Why is my search in BBEdit causing a “stack overfl

2019-05-14 11:29发布

问题:

I'm stumped about a "stack overflow" error--"out of stack space (application error code: 12246)--that I'm getting in BBEdit when I do a "replace all", searching for

(@article(((?!eprint|@article|@book).)*\r)*)pmid = {(.+)}((((?!eprint|@article|@book).)*\r)*(@|\r*\z))

and replacing with

\1eprinttype = {pubmed}, eprint = {\4}\5

I can use these same patterns manually, doing one-at-a-time find & replace, without any errors, even once the match no longer occurs. I can also avoid the error by working on smaller files.

I suspect that it's my inefficient and sloppy regex coding that's to blame, and would appreciate an expert's help in doing this more efficiently. I'm trying to locate all entries in a BibLaTeX bibliography that don't already have an eprint field, but which have a pmid field, and replace the pmid field with a corresponding e-print specification (using eprint and eprinttype).


Update: After some experimentation, I've found that a different approach is the only thing I can get to work. Searching for

(?(?=@article(.+\r)+eprint = {(.+\r)+}\r*)(?!)|(@article(.+\r)+)pmid = {(.+)}((.+\r)+}\r*))

and replacing with

\3eprinttype = {pubmed}, eprint = {\5}\6

does the trick. The only problem with this is the backreferences are fragile, but I can't get named backreferences to work in BBEdit.

回答1:

It's probably catastrophic backtracking caused by this last part:

.)*\r)*(@|\r*\z))

If you break that down and simplify it, you essentially have a .*, a \r*, and another \r* right next to each other. Now picture a string of \r characters at the end of your input: How should each \r be distributed? Which of those little clauses will soak up each \r character? If you have \r\r\r\r\r, you could eat all five \rs with the .* part and none at all with the \r* parts...or, you can make up any number of permutations that will still match. Since the * is greedy, it will try to fill the .* up first, but if that fails, it has to keep trying permutations until one of them works.

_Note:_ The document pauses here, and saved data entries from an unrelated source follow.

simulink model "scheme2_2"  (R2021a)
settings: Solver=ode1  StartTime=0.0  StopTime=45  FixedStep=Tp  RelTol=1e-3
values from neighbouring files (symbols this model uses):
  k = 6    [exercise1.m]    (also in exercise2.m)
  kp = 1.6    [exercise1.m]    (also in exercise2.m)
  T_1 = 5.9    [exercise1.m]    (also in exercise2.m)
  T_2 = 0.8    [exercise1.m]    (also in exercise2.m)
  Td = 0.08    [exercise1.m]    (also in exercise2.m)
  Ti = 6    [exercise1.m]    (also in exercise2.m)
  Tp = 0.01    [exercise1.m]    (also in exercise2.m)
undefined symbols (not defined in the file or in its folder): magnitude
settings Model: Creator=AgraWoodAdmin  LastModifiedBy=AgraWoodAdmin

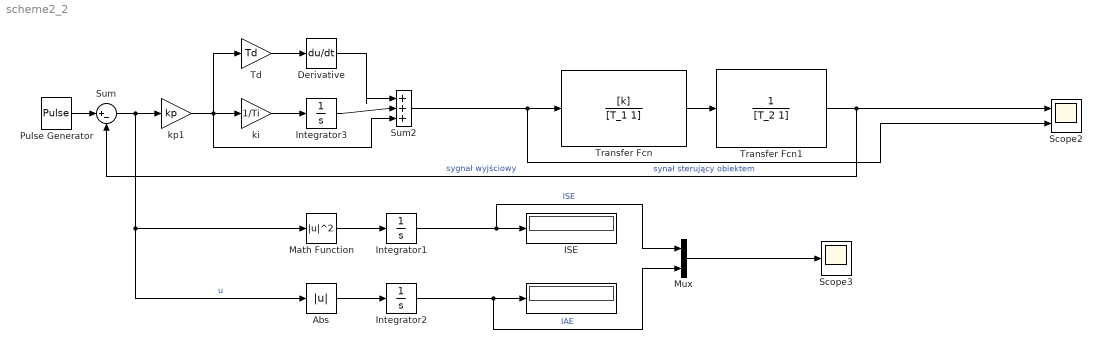
== system scheme2_2 ==
  " " : Display
  Abs : Abs  SaturateOnIntegerOverflow=on
  Derivative : Derivative
  ISE : Display
  Integrator1 : Integrator  InitialCondition=Tp
  Integrator2 : Integrator
  Integrator3 : Integrator
  Math Function : Math  Operator=magnitude^2  SignedPower=on  SaturateOnIntegerOverflow=on
  Mux : Mux  Inputs=2
  Pulse Generator : DiscretePulseGenerator  PulseType=Time based  Period=45  PulseWidth=50
  Scope2 : Scope  NumInputPorts=2
  Scope3 : Scope
  Sum : Sum  Inputs=|+-
  Sum2 : Sum  Inputs=|+++  SaturateOnIntegerOverflow=on
  Td : Gain  Gain=Td  SaturateOnIntegerOverflow=on  OutDataTypeStr=Inherit: Same as input  ParamDataTypeStr=Inherit: Same as input
  Transfer Fcn : TransferFcn  Numerator=[k]  Denominator=[T_1 1]
  Transfer Fcn1 : TransferFcn  Denominator=[T_2 1]
  ki : Gain  Gain=1/Ti  SaturateOnIntegerOverflow=on  OutDataTypeStr=Inherit: Same as input  ParamDataTypeStr=Inherit: Same as input
  kp1 : Gain  Gain=kp  SaturateOnIntegerOverflow=on  OutDataTypeStr=Inherit: Same as input  ParamDataTypeStr=Inherit: Same as input
  wires:
  Pulse Generator/1 -> Sum/1
  Integrator1/1 -> Mux/1, ISE/1  "ISE"
  Derivative/1 -> Sum2/1
  Td/1 -> Derivative/1
  Sum2/1 -> Scope2/2, Transfer Fcn/1  "synał sterujący obiektem"
  Math Function/1 -> Integrator1/1
  ki/1 -> Integrator3/1
  Integrator2/1 -> Mux/2, " "/1  "IAE"
  kp1/1 -> Td/1, Sum2/3, ki/1
  Abs/1 -> Integrator2/1
  Integrator3/1 -> Sum2/2
  Sum/1 -> kp1/1, Math Function/1, Abs/1  "u"
  Mux/1 -> Scope3/1
  Transfer Fcn/1 -> Transfer Fcn1/1
  Transfer Fcn1/1 -> Scope2/1, Sum/2  "sygnał wyjściowy"

So it's probably hogging a bunch of your resources with unnecessary backtracking, until finally it crashes.

I'm not an expert on optimization techniques for regex, but I'd start there if I were you.

Update:

Check out the Wikipedia article on PCRE:

Unless the "NoRecurse" PCRE build option (aka "--disable-stack-for-recursion") is chosen, adequate stack space must be allocated to PCRE by the calling application or operating system. ... While PCRE's documentation cautions that the "NoRecurse" build option makes PCRE slower than the alternative, using it avoids entirely the issue of stack overflows.

So I think catastrophic backtracking is a good bet here. I'd try to solve it by tweaking your regex before changing the build options on PCRE.



回答2:

Obviously this is some bug. But you could try changing the expression a bit. It's difficult to optimize the expression without knowing the requirements, but here's a guess:

(@article(?:(?:(?!eprint|@article|@book|pmid)[^\r])*+\r)*+)pmid = {([^\n\r]+)}((?:(?:(?!eprint|@article|@book)[^\r])*+\r)*(?:@|\r*\z))

Replace with:

\1eprinttype = {pubmed}, eprint = {\2}\3

BBEdit seems to use PCRE, unless it's (very) outdated the above expression should be compatible.